IIRC,the state of Florida made it illegal for doctors to ask about guns. They are subject to loose the license if they ask. Owning firearms is not a medical question.


----------



## Smokin04 (Jan 29, 2014)

rice paddy daddy said:


> I have read that it is buried in the 2000+ pages of the Affordable Healthcare Act.

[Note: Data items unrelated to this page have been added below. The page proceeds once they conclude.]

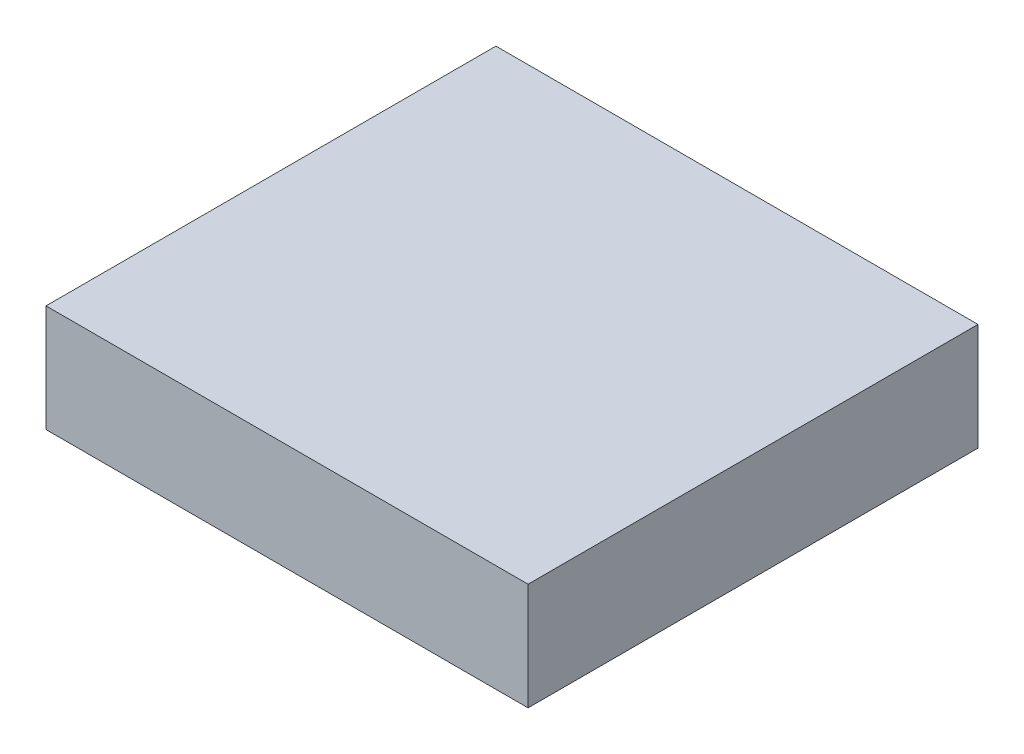
ISO-10303-21;
HEADER;
FILE_DESCRIPTION(('STEP AP214'),'2;1');
FILE_NAME('part.step','',(''),(''),'','','');
FILE_SCHEMA(('AUTOMOTIVE_DESIGN { 1 0 10303 214 1 1 1 1 }'));
ENDSEC;
DATA;
#1=APPLICATION_CONTEXT('core data for automotive mechanical design processes');
#2=APPLICATION_PROTOCOL_DEFINITION('international standard','automotive_design',2000,#1);
#3=PRODUCT_CONTEXT('',#1,'mechanical');
#4=PRODUCT('Part','Part','',(#3));
#5=PRODUCT_RELATED_PRODUCT_CATEGORY('part','',(#4));
#6=PRODUCT_DEFINITION_FORMATION('','',#4);
#7=PRODUCT_DEFINITION_CONTEXT('part definition',#1,'design');
#8=PRODUCT_DEFINITION('design','',#6,#7);
#9=PRODUCT_DEFINITION_SHAPE('','',#8);
#10=(LENGTH_UNIT() NAMED_UNIT(*) SI_UNIT(.MILLI.,.METRE.));
#11=(NAMED_UNIT(*) PLANE_ANGLE_UNIT() SI_UNIT($,.RADIAN.));
#12=(NAMED_UNIT(*) SI_UNIT($,.STERADIAN.) SOLID_ANGLE_UNIT());
#13=UNCERTAINTY_MEASURE_WITH_UNIT(LENGTH_MEASURE(1.E-05),#10,'distance_accuracy_value','');
#14=(GEOMETRIC_REPRESENTATION_CONTEXT(3) GLOBAL_UNCERTAINTY_ASSIGNED_CONTEXT((#13)) GLOBAL_UNIT_ASSIGNED_CONTEXT((#10,
#11,#12)) REPRESENTATION_CONTEXT('',''));
#15=CARTESIAN_POINT('',(0.,0.,0.));
#16=DIRECTION('',(0.,0.,1.));
#17=DIRECTION('',(1.,0.,0.));
#18=AXIS2_PLACEMENT_3D('',#15,#16,#17);
#19=CARTESIAN_POINT('',(22.5,10.,21.));
#20=DIRECTION('',(-1.,0.,0.));
#21=DIRECTION('',(0.,0.,1.));
#22=AXIS2_PLACEMENT_3D('',#19,#20,#21);
#23=PLANE('',#22);
#24=DIRECTION('',(0.,0.,-1.));
#25=VECTOR('',#24,1.);
#26=CARTESIAN_POINT('',(22.5,0.,21.));
#27=LINE('',#26,#25);
#28=CARTESIAN_POINT('',(22.5,0.,21.));
#29=VERTEX_POINT('',#28);
#30=CARTESIAN_POINT('',(22.5,0.,-21.));
#31=VERTEX_POINT('',#30);
#32=EDGE_CURVE('E98',#29,#31,#27,.T.);
#33=ORIENTED_EDGE('',*,*,#32,.T.);
#34=DIRECTION('',(0.,-1.,0.));
#35=VECTOR('',#34,1.);
#36=CARTESIAN_POINT('',(22.5,10.,-21.));
#37=LINE('',#36,#35);
#38=CARTESIAN_POINT('',(22.5,10.,-21.));
#39=VERTEX_POINT('',#38);
#40=EDGE_CURVE('E11',#39,#31,#37,.T.);
#41=ORIENTED_EDGE('',*,*,#40,.F.);
#42=DIRECTION('',(0.,0.,-1.));
#43=VECTOR('',#42,1.);
#44=CARTESIAN_POINT('',(22.5,10.,21.));
#45=LINE('',#44,#43);
#46=CARTESIAN_POINT('',(22.5,10.,21.));
#47=VERTEX_POINT('',#46);
#48=EDGE_CURVE('E86',#47,#39,#45,.T.);
#49=ORIENTED_EDGE('',*,*,#48,.F.);
#50=DIRECTION('',(0.,-1.,0.));
#51=VECTOR('',#50,1.);
#52=CARTESIAN_POINT('',(22.5,10.,21.));
#53=LINE('',#52,#51);
#54=EDGE_CURVE('E94',#47,#29,#53,.T.);
#55=ORIENTED_EDGE('',*,*,#54,.T.);
#56=EDGE_LOOP('',(#33,#41,#49,#55));
#57=FACE_BOUND('',#56,.T.);
#58=ADVANCED_FACE('F35',(#57),#23,.F.);
#59=CARTESIAN_POINT('',(-22.5,10.,-21.));
#60=DIRECTION('',(0.,0.,1.));
#61=DIRECTION('',(1.,0.,0.));
#62=AXIS2_PLACEMENT_3D('',#59,#60,#61);
#63=PLANE('',#62);
#64=DIRECTION('',(-1.,0.,0.));
#65=VECTOR('',#64,1.);
#66=CARTESIAN_POINT('',(-22.5,0.,-21.));
#67=LINE('',#66,#65);
#68=CARTESIAN_POINT('',(-22.5,0.,-21.));
#69=VERTEX_POINT('',#68);
#70=EDGE_CURVE('E90',#31,#69,#67,.T.);
#71=ORIENTED_EDGE('',*,*,#70,.T.);
#72=DIRECTION('',(0.,-1.,0.));
#73=VECTOR('',#72,1.);
#74=CARTESIAN_POINT('',(-22.5,10.,-21.));
#75=LINE('',#74,#73);
#76=CARTESIAN_POINT('',(-22.5,10.,-21.));
#77=VERTEX_POINT('',#76);
#78=EDGE_CURVE('E43',#77,#69,#75,.T.);
#79=ORIENTED_EDGE('',*,*,#78,.F.);
#80=DIRECTION('',(-1.,0.,0.));
#81=VECTOR('',#80,1.);
#82=CARTESIAN_POINT('',(-22.5,10.,-21.));
#83=LINE('',#82,#81);
#84=EDGE_CURVE('E81',#39,#77,#83,.T.);
#85=ORIENTED_EDGE('',*,*,#84,.F.);
#86=ORIENTED_EDGE('',*,*,#40,.T.);
#87=EDGE_LOOP('',(#71,#79,#85,#86));
#88=FACE_BOUND('',#87,.T.);
#89=ADVANCED_FACE('F89',(#88),#63,.F.);
#90=CARTESIAN_POINT('',(-22.5,10.,21.));
#91=DIRECTION('',(1.,0.,0.));
#92=DIRECTION('',(0.,0.,-1.));
#93=AXIS2_PLACEMENT_3D('',#90,#91,#92);
#94=PLANE('',#93);
#95=DIRECTION('',(0.,0.,1.));
#96=VECTOR('',#95,1.);
#97=CARTESIAN_POINT('',(-22.5,0.,21.));
#98=LINE('',#97,#96);
#99=CARTESIAN_POINT('',(-22.5,0.,21.));
#100=VERTEX_POINT('',#99);
#101=EDGE_CURVE('E68',#69,#100,#98,.T.);
#102=ORIENTED_EDGE('',*,*,#101,.T.);
#103=DIRECTION('',(0.,-1.,0.));
#104=VECTOR('',#103,1.);
#105=CARTESIAN_POINT('',(-22.5,10.,21.));
#106=LINE('',#105,#104);
#107=CARTESIAN_POINT('',(-22.5,10.,21.));
#108=VERTEX_POINT('',#107);
#109=EDGE_CURVE('E91',#108,#100,#106,.T.);
#110=ORIENTED_EDGE('',*,*,#109,.F.);
#111=DIRECTION('',(0.,0.,1.));
#112=VECTOR('',#111,1.);
#113=CARTESIAN_POINT('',(-22.5,10.,21.));
#114=LINE('',#113,#112);
#115=EDGE_CURVE('E84',#77,#108,#114,.T.);
#116=ORIENTED_EDGE('',*,*,#115,.F.);
#117=ORIENTED_EDGE('',*,*,#78,.T.);
#118=EDGE_LOOP('',(#102,#110,#116,#117));
#119=FACE_BOUND('',#118,.T.);
#120=ADVANCED_FACE('F92',(#119),#94,.F.);
#121=CARTESIAN_POINT('',(-22.5,10.,21.));
#122=DIRECTION('',(0.,0.,-1.));
#123=DIRECTION('',(-1.,0.,0.));
#124=AXIS2_PLACEMENT_3D('',#121,#122,#123);
#125=PLANE('',#124);
#126=DIRECTION('',(1.,0.,0.));
#127=VECTOR('',#126,1.);
#128=CARTESIAN_POINT('',(-22.5,0.,21.));
#129=LINE('',#128,#127);
#130=EDGE_CURVE('E74',#100,#29,#129,.T.);
#131=ORIENTED_EDGE('',*,*,#130,.T.);
#132=ORIENTED_EDGE('',*,*,#54,.F.);
#133=DIRECTION('',(1.,0.,0.));
#134=VECTOR('',#133,1.);
#135=CARTESIAN_POINT('',(-22.5,10.,21.));
#136=LINE('',#135,#134);
#137=EDGE_CURVE('E51',#108,#47,#136,.T.);
#138=ORIENTED_EDGE('',*,*,#137,.F.);
#139=ORIENTED_EDGE('',*,*,#109,.T.);
#140=EDGE_LOOP('',(#131,#132,#138,#139));
#141=FACE_BOUND('',#140,.T.);
#142=ADVANCED_FACE('F105',(#141),#125,.F.);
#143=CARTESIAN_POINT('',(0.,10.,0.));
#144=DIRECTION('',(0.,-1.,0.));
#145=DIRECTION('',(0.,0.,-1.));
#146=AXIS2_PLACEMENT_3D('',#143,#144,#145);
#147=PLANE('',#146);
#148=ORIENTED_EDGE('',*,*,#48,.T.);
#149=ORIENTED_EDGE('',*,*,#84,.T.);
#150=ORIENTED_EDGE('',*,*,#115,.T.);
#151=ORIENTED_EDGE('',*,*,#137,.T.);
#152=EDGE_LOOP('',(#148,#149,#150,#151));
#153=FACE_BOUND('',#152,.T.);
#154=ADVANCED_FACE('F82',(#153),#147,.F.);
#155=CARTESIAN_POINT('',(0.,0.,0.));
#156=DIRECTION('',(0.,-1.,0.));
#157=DIRECTION('',(0.,0.,-1.));
#158=AXIS2_PLACEMENT_3D('',#155,#156,#157);
#159=PLANE('',#158);
#160=ORIENTED_EDGE('',*,*,#32,.F.);
#161=ORIENTED_EDGE('',*,*,#130,.F.);
#162=ORIENTED_EDGE('',*,*,#101,.F.);
#163=ORIENTED_EDGE('',*,*,#70,.F.);
#164=EDGE_LOOP('',(#160,#161,#162,#163));
#165=FACE_BOUND('',#164,.T.);
#166=ADVANCED_FACE('F108',(#165),#159,.T.);
#167=CLOSED_SHELL('',(#58,#89,#120,#142,#154,#166));
#168=MANIFOLD_SOLID_BREP('B2',#167);
#169=ADVANCED_BREP_SHAPE_REPRESENTATION('',(#18,#168),#14);
#170=SHAPE_DEFINITION_REPRESENTATION(#9,#169);
ENDSEC;
END-ISO-10303-21;

So....damn almost 4 years later it surfaces??? Did they release the act in entirety finally? I've searched the whitehouse and political legislative sites and I have never found the act in it's complete form.


----------



## Denton (Sep 18, 2012)

Smokin04 said:


> So....damn almost 4 years later it surfaces??? Did they release the act in entirety finally? I've searched the whitehouse and political legislative sites and I have never found the act in it's complete form.


God to see you!


----------



## Smokin04 (Jan 29, 2014)

Denton said:


> God to see you!


Tango Sir. I'm only around for a little while...


----------



## rice paddy daddy (Jul 17, 2012)

Smokin04 said:


> So....damn almost 4 years later it surfaces??? Did they release the act in entirety finally? I've searched the whitehouse and political legislative sites and I have never found the act in it's complete form.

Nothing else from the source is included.